Try it:
Give the entries below again, word for word, and leave out the images.
======== Exercise input
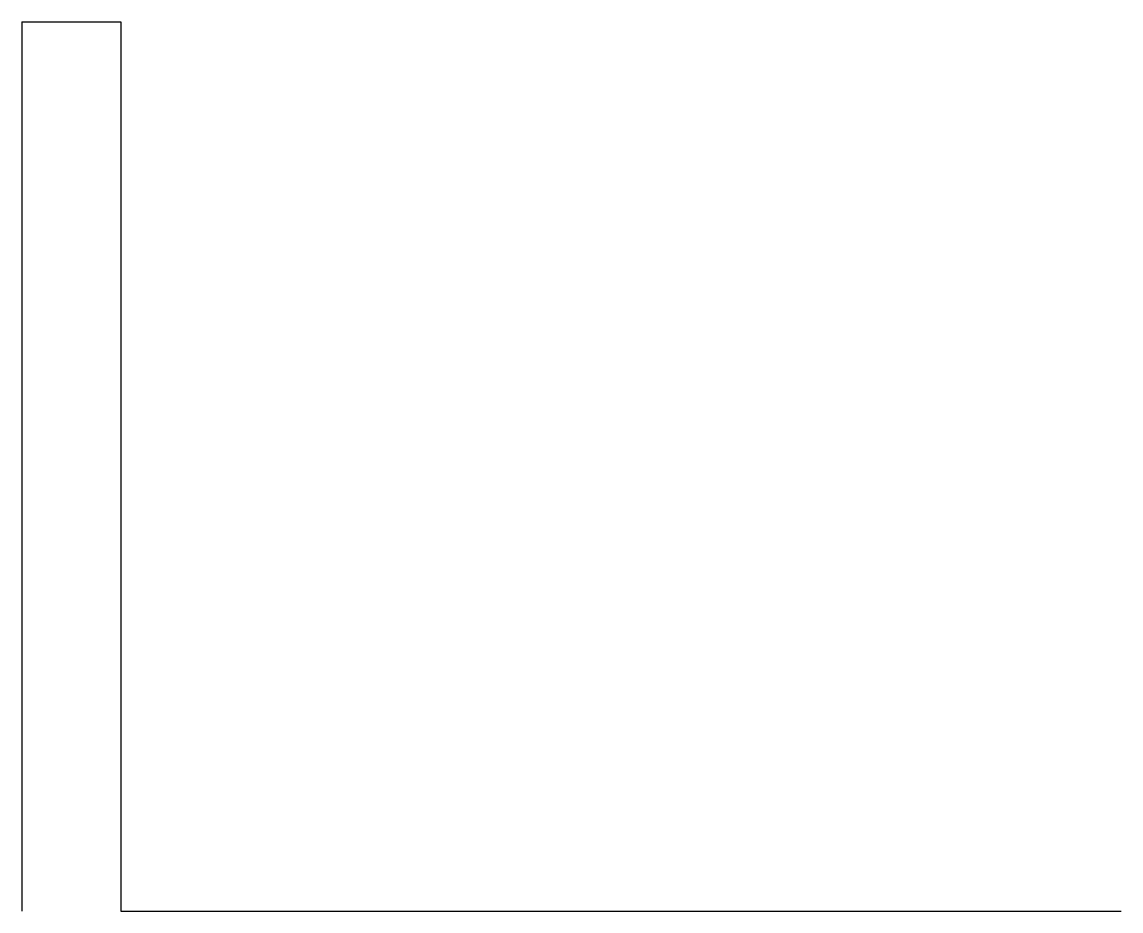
# Model space of a CAD drawing. Header units: millimetres. Extents: x 0 to 22.3, y -9 to 9.
import ezdxf

# ---------------------------------------------------------------- set-up
doc = ezdxf.new("R2010")
doc.units = ezdxf.units.MM
doc.layers.get('0').update_dxf_attribs({"lineweight": 25})

msp = doc.modelspace()

# ---------------------------------------------------------------- linework, layer by layer
at = {"color": 0}
for p, q in [((0, 9), (2, 9)), ((0, 9), (0, -9)), ((2, 9), (2, -9)), ((2, -9), (22.258, -9))]:
    msp.add_line(p, q, dxfattribs=at)

doc.saveas('drawing.dxf')
================
Exercise result:
# Model space of a CAD drawing. Header units: millimetres. Extents: x 0 to 22.3, y -9 to 9.
import ezdxf

# ---------------------------------------------------------------- set-up
doc = ezdxf.new("R2010")
doc.units = ezdxf.units.MM
doc.layers.get('0').update_dxf_attribs({"lineweight": 25})

msp = doc.modelspace()

# ---------------------------------------------------------------- linework, layer by layer
at = {"color": 0}
for p, q in [((0, 9), (2, 9)), ((0, 9), (0, -9)), ((2, 9), (2, -9)), ((2, -9), (22.258, -9))]:
    msp.add_line(p, q, dxfattribs=at)

doc.saveas('drawing.dxf')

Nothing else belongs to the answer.